THE WALL STREET JOURNAL.
CFO
Journal.
March 5,
2013, 12:36 AM ET
Companies Target
Retail Investors for ‘Say-on-Pay’ Votes
The
little guy is a big shot this proxy season.
To
reduce the risk of an embarrassing failure in shareholder advisory votes on
executive compensation, more companies are reaching out to individual
investors to coax them to cast their ballots.
While these so-called retail
investors account for more than a third of U.S. stockholdings, they have
remained elusive in corporate elections. Historically, less than a third of
their shares have been voted at annual meetings, and just 29% since
regulators let companies start sending out proxy materials over the Internet
in 2007, according to
Broadridge Financial Solutions Inc.
When
retail investors do vote, however, they tend to back management.
Last
year, 515 companies, up from 163 in 2011, sent mailings soliciting proxy
votes to their biggest retail investors—typically those with 500 to 1,000
shares, said Chuck Callan, senior vice president of regulatory affairs at
Broadridge, which processes most corporate proxy votes in the U.S.
This
more than threefold increase, proxy experts say, has been driven largely by
nonbinding “say on pay” votes, which let investors weigh in on a company’s
executive-pay plans. * (See correction below.)
“Say-on-pay and institutional activism have resulted in higher dissident
votes, so companies are eager to tap into the retail sector given their
historical loyalty,” said Stephen Norman, president of advisory firm
SPNorman & Co.
Companies have rarely focused much effort on retail investors, Mr. Norman
said, deeming them more likely to sell their shares if they disagree with
the company’s direction, rather than read long corporate proxy statements.
But companies can’t afford to “be blasé,” he said.
An
analysis of 2011 say-on-pay votes shows that 91% of the shares voted by
retail shareholders were cast in favor of executive-pay plans, compared with
86% of votes cast by institutional investors, said Mr. Callan. “At a few
companies that failed votes last year, had the retail participation been
higher and at similar rates, those pay plans would have passed,” he said.
Only
about 2% of say-on-pay votes have failed since companies have been required
to hold them as part of the 2010 Dodd-Frank Act. But many companies fear
failing—garnering less than 50% support.
Last
year, influential proxy-advisory firms have recommended that shareholders
vote against pay plans at about 14% of companies, and more than a quarter of
companies got less than 90% shareholder support, according to executive-pay
consulting firm Semler Brossy.
Failing a vote “has dire consequences,” said Manan Shah, an
executive-compensation attorney at Jones Day. “You don’t ever want to repeat
a say-on-pay failure, so you spend the entire next year focusing on that,
rather than the operations of the business.”
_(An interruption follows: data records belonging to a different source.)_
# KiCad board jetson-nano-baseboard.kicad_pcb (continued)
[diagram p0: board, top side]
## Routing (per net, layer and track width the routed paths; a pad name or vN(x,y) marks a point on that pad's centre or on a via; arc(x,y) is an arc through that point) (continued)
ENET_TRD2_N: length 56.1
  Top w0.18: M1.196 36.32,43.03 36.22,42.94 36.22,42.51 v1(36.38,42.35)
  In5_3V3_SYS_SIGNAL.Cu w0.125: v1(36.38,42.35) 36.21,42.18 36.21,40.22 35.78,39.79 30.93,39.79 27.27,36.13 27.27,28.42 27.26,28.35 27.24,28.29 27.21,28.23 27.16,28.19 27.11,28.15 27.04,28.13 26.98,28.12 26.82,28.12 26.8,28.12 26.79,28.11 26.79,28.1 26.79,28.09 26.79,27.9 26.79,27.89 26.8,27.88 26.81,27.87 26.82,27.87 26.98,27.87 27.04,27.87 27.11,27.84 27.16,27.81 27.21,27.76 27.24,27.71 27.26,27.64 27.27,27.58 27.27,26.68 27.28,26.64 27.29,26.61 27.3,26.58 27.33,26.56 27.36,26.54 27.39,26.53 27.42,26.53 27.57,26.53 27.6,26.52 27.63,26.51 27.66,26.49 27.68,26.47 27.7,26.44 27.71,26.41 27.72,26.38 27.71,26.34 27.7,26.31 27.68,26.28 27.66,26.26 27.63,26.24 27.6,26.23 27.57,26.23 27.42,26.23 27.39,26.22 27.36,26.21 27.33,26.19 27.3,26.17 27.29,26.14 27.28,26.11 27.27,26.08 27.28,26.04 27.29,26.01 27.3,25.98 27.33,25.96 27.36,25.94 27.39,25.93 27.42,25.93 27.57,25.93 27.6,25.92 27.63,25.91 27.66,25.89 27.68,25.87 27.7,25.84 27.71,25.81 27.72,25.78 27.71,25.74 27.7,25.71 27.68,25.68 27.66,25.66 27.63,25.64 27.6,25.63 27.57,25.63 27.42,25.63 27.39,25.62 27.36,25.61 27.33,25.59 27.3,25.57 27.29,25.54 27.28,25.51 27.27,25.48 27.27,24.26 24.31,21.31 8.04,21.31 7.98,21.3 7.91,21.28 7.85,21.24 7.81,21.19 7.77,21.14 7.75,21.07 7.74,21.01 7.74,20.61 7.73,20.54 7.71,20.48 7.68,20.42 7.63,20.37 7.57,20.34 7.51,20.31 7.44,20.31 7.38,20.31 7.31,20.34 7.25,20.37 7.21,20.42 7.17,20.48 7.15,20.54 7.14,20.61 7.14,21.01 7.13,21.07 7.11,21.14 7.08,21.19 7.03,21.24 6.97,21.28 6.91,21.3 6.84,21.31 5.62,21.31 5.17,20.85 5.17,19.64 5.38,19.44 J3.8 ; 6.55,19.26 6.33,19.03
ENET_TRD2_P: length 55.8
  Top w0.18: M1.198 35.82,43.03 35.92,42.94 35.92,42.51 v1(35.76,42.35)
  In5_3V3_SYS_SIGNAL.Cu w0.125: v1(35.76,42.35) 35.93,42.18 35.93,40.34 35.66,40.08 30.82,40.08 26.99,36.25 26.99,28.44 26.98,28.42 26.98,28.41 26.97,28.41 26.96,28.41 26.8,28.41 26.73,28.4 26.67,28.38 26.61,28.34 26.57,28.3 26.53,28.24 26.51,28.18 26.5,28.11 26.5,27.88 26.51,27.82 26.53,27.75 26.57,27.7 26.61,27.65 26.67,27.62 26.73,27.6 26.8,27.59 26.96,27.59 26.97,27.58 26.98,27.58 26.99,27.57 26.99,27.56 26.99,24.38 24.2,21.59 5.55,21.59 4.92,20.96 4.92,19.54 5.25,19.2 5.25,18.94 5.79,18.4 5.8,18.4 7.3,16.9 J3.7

Companies also have changed pay practices and stepped up their overtures to
big institutional shareholders in response to such votes, often calling
their top 100 or 200 investors to discuss executive-compensation issues
ahead of annual meetings. Unlike retail investors, institutional investors
like banks and pension funds must cast their votes to fulfill their
fiduciary obligations to clients.
Some
companies feel luring more retail votes could also help dilute the influence
of big proxy-advisory firms like Institutional Shareholder Services and
Glass Lewis & Co., said Scott Winter, managing director at proxy solicitor
Innisfree M&A Inc. Companies generally expect negative recommendations from
proxy advisory firms to sway at least 20% to 40% of their votes; retail
investors often pay less attention to such recommendations.
As
companies watch proxy votes come in, they can get increasingly anxious and
spend hours, along with their proxy solicitors, phoning investors.
Blair Jones, managing principal at Semler Brossy, said she has seen chief
executives or chairmen of board compensation committees personally call
large retail shareholders or foreign investors who historically haven’t
voted to say, “We really need your vote and need you to participate in
this.”
Broadridge offers mobile and digital voting tools to make it easier for
retail investors to cast votes, and industry groups are lobbying regulators
to let those investors vote through the websites of the banks or brokerage
firms that hold their investment accounts.
In
another push, the New York Stock Exchange and industry groups formally asked
the Securities and Exchange Commission last month to consider new rules that
would make it cheaper and quicker to get the names of big retail
shareholders from brokers.
Some
of these ideas already have met obstacles. In December, Broadridge removed a
“vote with management” button it had placed on digital proxies after the SEC
raised concerns that the button would unfairly disadvantage proposals from
investors.
*CORRECTION: Nonbinding “say-on-pay” votes allow shareholders to weigh in at
set intervals on a company’s executive-compensation plans. The article above
originally reported incorrectly that the votes are held annually. While
that’s true at most companies, they can be as infrequent as once every three
years, depending on the shareholders’ wishes.